Interview with Dr. Jeffrey A. Robinson




 

Q. I was recently listening to a podcast of your short story, Ripples in Time. There’s a mention of a city that appeared as a mirage during the 1930s and the description was so believable that I found myself searching the web to see if it were true. How did you come up with that?


A: Well, I have a physics background and I juxtaposed a picture of a mirage with the memory that once, long ago, the great plains were under water. A fleeting idea occurred to me that mirages could be looking back to those times. Then I thought of turning it into a love story. The rest of the story just fell in place. That’s the way stories develop… from random ideas and strange questions that often start out with “what if?”


It's strange. The idea of the city came to me when I heard about distant mirages at sea. So… I just made up the story about a newspaper article years ago that recounted such an event.


It’s funny, I typically add fictional details to my stories and try to make them sound real... but sometimes I get people asking if that drug is real, or if that piece of science is true, or if a fictional historic event actually occurred.


I like to make my stories seem realistic and I guess it’s a compliment when people can’t tell where reality stops and the fiction begins.


Q. So this takes us nicely in to your rather successful Untold Tales podcast. You’re up to 72 stories now. How did it all start?


A: I had just published three short story anthologies when I met Melissa Del Toro, a voice-over specialist at a writer’s workshop. She was explaining how written books can be turned into audiobooks. After her presentation, I spoke to her and said that my biggest problem with audiobooks is that they take so long to listen to. (I read a lot and I also read much faster than a normal speaking pace) I explained that it typically took many sittings to work my way through an audiobook of any appreciable length… often 8 or 9 hours. I said that it was sad that no one converted short stories to audio format and suggested that such short audio stories could be listened to in a single sitting… such as while commuting to or from work, or at lunch. Thus, the idea of audio anthologies was born. Such collections of audio shorts could be targeted for people who don’t have enough time to listen to long audio recordings…. People who don’t want to stop listening when only partially finished. We envisioned that such a collection would be ideal for commuters going to and from work. And we thought of calling it TALES FOR TRAVELERS. However, we stuck with the title UNTOLD TALES since that was the name of my science fiction anthologies.



Q. So you met Melissa Del Toro Schaffner at a writing group?


A: Yes, as I mentioned we met and immediately started brainstorming about collections of audio short stories. We decided to start with the science fiction short stories that I had just published, but we’ve always planned to expand to other genres. When we get a larger listenership we plan to offer other podcast playlists for stories other than science fiction. They could be called CRIME FOR COMMUTERS, MURDER FOR THE METRO, DRAMA FOR THE DRIVE HOME, HORROR FOR THE HIGHWAY and more. We hope to kick off some new genres soon.


Q. One of the attractions of the podcast is that the stories are science fiction of a ‘high quality.’ How do you decide what qualifies as high quality and what doesn’t?

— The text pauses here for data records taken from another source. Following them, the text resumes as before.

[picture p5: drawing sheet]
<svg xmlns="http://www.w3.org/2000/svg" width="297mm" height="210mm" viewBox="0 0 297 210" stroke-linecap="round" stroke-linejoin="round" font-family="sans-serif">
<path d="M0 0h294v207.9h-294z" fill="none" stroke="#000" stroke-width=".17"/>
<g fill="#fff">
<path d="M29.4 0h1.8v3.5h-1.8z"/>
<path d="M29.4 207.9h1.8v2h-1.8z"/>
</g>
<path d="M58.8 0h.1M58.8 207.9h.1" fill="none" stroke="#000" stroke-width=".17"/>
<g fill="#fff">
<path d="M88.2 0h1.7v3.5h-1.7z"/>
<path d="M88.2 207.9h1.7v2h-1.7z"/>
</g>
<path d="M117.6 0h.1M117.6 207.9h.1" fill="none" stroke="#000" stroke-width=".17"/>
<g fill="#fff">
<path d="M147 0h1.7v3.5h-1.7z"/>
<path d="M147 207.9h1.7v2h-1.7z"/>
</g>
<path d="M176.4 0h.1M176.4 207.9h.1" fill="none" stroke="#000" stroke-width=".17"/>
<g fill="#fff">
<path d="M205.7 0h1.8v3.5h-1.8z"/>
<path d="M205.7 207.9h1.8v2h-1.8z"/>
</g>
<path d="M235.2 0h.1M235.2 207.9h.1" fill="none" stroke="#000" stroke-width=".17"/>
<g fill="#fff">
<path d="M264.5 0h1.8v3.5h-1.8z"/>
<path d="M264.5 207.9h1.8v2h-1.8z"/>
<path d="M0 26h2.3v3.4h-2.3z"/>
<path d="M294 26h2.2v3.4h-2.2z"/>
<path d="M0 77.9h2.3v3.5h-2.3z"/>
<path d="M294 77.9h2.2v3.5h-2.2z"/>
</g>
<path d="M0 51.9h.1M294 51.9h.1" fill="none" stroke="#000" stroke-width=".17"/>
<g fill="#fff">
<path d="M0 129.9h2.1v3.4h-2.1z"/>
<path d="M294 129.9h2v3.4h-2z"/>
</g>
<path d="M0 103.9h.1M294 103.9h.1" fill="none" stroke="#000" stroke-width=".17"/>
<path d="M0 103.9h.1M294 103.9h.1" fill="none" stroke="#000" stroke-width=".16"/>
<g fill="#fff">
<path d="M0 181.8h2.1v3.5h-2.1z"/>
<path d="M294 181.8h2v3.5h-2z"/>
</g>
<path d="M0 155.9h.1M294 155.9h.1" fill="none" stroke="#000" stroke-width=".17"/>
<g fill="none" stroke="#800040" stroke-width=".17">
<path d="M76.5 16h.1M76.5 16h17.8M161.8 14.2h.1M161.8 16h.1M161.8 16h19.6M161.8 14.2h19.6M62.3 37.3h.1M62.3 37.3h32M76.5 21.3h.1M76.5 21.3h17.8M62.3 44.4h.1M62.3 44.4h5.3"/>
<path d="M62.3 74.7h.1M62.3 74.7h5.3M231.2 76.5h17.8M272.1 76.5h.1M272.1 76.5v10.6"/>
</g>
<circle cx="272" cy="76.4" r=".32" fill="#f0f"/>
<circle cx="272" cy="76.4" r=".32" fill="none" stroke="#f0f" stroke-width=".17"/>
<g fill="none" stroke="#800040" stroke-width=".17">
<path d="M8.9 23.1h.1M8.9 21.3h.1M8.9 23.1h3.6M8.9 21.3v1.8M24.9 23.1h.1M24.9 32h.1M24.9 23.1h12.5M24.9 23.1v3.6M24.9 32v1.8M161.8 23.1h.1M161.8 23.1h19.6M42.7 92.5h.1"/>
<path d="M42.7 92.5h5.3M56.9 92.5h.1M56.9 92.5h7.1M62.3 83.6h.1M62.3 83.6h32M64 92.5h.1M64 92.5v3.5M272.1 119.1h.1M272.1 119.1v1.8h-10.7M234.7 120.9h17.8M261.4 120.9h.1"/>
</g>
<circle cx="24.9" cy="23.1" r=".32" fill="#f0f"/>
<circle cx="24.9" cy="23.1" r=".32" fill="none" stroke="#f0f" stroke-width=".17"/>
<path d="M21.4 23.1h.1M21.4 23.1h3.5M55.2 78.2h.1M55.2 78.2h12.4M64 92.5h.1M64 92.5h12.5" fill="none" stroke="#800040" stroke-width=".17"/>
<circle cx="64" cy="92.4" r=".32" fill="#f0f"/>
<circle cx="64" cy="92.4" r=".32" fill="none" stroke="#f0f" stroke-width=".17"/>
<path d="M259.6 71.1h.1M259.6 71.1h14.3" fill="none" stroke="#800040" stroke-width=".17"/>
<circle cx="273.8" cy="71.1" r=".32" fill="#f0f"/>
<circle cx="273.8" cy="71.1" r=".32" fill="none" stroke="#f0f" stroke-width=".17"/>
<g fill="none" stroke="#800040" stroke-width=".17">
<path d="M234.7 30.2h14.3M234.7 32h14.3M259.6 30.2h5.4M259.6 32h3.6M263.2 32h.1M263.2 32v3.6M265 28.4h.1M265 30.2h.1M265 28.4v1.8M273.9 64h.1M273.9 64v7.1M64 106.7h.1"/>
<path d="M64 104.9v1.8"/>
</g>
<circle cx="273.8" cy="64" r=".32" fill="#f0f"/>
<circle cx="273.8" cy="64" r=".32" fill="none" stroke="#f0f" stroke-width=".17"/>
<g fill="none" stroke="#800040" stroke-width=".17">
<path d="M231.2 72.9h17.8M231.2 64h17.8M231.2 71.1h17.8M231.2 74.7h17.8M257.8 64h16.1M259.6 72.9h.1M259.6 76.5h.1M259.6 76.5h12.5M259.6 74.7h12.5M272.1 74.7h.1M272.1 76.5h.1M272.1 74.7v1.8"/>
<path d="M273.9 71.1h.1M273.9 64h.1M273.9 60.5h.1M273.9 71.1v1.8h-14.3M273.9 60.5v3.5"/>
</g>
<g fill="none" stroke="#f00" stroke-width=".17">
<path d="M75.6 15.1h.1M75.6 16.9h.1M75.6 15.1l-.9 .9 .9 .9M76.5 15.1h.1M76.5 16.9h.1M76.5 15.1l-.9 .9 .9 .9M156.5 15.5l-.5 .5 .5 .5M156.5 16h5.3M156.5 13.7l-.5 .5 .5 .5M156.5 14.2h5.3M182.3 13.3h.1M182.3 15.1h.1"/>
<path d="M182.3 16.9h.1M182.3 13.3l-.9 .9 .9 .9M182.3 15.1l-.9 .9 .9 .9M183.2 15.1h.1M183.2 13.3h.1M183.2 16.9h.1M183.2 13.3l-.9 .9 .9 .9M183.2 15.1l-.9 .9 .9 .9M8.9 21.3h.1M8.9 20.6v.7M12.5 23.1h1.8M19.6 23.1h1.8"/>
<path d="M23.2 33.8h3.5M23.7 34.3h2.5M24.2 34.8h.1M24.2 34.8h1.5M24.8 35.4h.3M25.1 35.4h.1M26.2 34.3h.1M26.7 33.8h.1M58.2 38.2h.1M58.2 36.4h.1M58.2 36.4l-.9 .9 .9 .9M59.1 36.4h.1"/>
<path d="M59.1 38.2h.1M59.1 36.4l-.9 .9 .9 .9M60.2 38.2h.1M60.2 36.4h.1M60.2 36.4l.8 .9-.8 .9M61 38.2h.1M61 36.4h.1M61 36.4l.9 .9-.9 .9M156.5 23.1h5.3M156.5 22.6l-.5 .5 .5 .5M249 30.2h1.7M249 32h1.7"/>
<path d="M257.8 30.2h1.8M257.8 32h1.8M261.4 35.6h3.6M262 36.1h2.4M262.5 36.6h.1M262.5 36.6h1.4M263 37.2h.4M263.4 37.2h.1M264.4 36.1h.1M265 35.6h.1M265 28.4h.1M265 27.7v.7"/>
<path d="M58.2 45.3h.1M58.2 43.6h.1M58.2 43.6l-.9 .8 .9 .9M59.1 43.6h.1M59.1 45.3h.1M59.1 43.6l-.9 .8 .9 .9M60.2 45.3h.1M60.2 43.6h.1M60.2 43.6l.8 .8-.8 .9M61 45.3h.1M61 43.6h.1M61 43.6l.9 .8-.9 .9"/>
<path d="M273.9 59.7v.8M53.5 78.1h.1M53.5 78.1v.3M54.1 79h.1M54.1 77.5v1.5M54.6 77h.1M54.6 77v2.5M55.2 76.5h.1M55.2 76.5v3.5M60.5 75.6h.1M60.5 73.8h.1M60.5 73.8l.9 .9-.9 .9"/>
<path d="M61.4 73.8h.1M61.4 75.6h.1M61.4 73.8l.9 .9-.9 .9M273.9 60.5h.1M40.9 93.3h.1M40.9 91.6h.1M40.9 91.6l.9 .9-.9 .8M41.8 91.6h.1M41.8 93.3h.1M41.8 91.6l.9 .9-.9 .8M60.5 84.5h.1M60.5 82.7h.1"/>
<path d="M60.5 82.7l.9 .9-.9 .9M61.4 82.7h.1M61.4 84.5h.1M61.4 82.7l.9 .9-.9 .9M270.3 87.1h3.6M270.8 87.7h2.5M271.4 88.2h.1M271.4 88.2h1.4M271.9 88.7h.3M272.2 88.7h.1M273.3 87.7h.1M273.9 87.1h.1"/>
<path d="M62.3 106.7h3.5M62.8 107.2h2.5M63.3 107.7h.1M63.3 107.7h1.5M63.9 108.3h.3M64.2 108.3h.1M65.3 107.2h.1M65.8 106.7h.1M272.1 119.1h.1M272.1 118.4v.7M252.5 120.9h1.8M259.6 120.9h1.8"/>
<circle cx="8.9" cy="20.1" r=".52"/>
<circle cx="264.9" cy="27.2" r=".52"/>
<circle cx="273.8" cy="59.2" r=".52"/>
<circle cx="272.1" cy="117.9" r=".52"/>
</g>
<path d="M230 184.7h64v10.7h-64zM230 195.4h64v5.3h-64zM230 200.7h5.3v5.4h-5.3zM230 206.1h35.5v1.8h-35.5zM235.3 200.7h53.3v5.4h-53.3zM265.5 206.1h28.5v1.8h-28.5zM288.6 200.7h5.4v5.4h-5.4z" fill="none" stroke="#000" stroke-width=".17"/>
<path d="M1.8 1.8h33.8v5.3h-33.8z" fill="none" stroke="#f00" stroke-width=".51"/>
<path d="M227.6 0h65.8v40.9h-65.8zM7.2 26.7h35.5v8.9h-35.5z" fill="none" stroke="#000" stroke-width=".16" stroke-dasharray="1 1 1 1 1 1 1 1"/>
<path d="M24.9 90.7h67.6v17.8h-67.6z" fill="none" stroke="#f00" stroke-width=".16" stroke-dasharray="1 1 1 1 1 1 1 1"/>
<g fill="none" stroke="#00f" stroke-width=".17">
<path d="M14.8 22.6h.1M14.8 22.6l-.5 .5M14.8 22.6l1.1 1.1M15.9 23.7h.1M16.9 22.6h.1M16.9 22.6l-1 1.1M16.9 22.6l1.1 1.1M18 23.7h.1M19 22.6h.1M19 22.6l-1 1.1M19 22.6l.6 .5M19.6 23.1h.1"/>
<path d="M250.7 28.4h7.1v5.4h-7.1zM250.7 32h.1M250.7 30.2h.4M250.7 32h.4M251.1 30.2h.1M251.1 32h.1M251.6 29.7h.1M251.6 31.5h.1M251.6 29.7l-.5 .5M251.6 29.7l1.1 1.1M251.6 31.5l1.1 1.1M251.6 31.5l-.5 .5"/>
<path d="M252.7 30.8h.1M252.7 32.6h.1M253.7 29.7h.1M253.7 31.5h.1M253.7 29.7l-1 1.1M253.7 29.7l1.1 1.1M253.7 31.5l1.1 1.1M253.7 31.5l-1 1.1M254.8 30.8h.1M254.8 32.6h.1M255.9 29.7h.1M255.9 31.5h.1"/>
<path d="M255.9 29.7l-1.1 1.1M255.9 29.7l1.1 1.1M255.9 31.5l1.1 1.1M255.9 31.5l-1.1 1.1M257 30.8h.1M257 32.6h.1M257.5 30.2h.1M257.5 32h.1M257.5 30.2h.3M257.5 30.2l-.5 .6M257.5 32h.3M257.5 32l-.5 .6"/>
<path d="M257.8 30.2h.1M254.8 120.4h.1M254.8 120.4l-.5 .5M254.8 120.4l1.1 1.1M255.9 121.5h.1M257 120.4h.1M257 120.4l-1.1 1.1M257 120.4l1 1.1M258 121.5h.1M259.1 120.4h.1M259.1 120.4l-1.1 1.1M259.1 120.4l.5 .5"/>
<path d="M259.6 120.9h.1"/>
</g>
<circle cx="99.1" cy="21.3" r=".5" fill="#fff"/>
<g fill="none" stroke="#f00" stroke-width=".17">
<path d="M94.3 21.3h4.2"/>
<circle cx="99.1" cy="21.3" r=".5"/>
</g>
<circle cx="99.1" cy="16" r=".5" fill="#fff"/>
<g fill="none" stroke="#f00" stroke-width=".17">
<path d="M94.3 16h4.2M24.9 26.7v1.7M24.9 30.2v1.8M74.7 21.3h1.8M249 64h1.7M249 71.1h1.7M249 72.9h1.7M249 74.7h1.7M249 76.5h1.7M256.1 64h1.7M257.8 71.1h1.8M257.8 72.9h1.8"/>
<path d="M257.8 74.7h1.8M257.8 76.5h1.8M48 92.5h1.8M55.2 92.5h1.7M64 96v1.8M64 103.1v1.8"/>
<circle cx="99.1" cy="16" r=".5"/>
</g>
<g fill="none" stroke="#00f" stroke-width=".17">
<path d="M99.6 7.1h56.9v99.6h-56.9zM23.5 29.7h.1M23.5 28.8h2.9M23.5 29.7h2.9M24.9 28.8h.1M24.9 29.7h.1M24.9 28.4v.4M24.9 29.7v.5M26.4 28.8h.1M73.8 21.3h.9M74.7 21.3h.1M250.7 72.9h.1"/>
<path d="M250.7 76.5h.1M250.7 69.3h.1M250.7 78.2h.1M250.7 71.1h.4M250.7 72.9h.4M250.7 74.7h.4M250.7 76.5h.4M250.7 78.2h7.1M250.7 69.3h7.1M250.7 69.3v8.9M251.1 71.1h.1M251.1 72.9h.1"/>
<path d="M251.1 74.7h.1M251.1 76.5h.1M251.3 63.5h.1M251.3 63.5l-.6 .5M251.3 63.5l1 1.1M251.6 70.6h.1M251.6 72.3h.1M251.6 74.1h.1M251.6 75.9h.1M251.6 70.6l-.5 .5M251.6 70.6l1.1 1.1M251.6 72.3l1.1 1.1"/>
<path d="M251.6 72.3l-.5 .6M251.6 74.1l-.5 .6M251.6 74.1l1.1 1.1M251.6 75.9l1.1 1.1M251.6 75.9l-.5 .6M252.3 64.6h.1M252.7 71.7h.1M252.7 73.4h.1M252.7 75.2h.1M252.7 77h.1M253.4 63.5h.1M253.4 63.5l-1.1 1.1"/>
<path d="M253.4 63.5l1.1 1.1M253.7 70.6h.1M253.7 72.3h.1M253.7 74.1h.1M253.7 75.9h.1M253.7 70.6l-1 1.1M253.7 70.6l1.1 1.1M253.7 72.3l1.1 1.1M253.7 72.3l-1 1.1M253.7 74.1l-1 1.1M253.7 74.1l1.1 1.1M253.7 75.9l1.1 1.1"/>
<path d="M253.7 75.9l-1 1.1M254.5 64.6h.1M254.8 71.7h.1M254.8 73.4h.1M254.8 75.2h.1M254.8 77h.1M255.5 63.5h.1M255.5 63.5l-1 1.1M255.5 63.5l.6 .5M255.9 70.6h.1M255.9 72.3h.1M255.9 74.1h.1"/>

A: Well, I fell in love with Science Fiction at an early age. My father was a nuclear physicist and he got me reading books that his father had started. I grew up reading Edgar Rice Burroughs and JOHN CARTER OF MARS, H.G. Wells, horror from the 20’s and 30’s H.P. Lovecraft, Clark Ashton Smith, writers from the GOLDEN AGE, Asimov, Clark, Bradbury, Sturgeon, Simak, Doc E.E. Smith, and so many more. I tend to compare new books that I read to those classics. The other advantage that I have is that I was privileged to work with a friend who edited and published one of the early e-zines on the web. As co-editor, I had the unfortunate task to read through unpublished submissions that we received. We called the backlog the ‘slush pile’ because 95% of the stories we got were so terribly bad. It is ironic how reading very bad stories makes you really appreciate the very rare good ones.


Ultimately, only about 5% of the books you buy or read are worth the cost of the book or the time that you invest in reading it. Often, you work your way to the end, feeling in your heart that it will get better, but it doesn’t. I try to write stories that I would like to read and that I would consider to be in that 5%.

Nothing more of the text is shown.